→ Exercise description
Within the records below, find each line with the word "unit" and copy it out.

Data excerpts

□ □ □

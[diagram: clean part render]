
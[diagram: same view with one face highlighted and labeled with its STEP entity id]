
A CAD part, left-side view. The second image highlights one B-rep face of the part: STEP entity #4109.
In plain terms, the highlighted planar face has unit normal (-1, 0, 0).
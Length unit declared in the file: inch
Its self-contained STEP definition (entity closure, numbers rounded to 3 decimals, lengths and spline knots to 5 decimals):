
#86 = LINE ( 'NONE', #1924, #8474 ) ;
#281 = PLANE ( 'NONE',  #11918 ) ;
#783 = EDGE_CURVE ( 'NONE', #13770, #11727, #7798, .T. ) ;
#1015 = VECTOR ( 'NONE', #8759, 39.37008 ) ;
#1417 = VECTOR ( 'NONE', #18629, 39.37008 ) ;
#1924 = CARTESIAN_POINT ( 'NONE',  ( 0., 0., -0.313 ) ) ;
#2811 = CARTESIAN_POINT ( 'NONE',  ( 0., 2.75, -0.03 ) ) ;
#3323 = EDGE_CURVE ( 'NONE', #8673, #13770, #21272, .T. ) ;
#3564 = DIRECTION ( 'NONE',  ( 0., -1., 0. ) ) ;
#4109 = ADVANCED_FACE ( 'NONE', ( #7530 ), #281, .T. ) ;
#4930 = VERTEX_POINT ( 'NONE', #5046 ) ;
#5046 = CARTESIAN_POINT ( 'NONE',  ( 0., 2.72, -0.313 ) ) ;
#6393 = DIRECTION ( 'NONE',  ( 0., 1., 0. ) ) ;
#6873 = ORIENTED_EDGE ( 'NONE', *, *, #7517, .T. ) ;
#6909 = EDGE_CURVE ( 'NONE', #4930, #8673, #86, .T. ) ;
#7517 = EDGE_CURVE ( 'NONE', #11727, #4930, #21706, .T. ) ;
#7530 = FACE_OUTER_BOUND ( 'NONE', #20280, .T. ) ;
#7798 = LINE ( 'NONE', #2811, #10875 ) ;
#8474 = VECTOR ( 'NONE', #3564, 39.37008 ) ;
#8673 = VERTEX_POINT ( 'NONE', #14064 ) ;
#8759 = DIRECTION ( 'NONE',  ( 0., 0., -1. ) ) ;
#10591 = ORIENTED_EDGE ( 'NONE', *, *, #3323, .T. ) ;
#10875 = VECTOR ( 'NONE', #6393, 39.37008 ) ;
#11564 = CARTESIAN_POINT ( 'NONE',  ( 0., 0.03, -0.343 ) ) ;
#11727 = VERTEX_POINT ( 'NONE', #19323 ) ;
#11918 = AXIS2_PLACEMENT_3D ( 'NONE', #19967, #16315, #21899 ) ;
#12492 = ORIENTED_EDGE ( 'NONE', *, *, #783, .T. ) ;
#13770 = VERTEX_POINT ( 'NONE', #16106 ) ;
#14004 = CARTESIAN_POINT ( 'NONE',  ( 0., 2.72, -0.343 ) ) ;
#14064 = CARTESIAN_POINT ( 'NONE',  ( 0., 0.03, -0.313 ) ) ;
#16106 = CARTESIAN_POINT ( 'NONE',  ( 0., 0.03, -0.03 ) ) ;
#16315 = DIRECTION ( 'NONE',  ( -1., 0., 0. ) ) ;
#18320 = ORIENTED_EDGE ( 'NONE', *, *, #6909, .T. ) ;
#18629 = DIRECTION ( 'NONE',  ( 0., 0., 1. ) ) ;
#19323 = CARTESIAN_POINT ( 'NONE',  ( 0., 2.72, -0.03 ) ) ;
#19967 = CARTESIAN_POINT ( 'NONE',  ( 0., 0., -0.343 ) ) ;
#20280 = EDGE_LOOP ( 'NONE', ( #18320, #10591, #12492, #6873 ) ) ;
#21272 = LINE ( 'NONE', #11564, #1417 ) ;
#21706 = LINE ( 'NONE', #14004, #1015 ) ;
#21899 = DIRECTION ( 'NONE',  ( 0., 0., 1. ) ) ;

□ □ □

→ Solution
In plain terms, the highlighted planar face has unit normal (-1, 0, 0).
Length unit declared in the file: inch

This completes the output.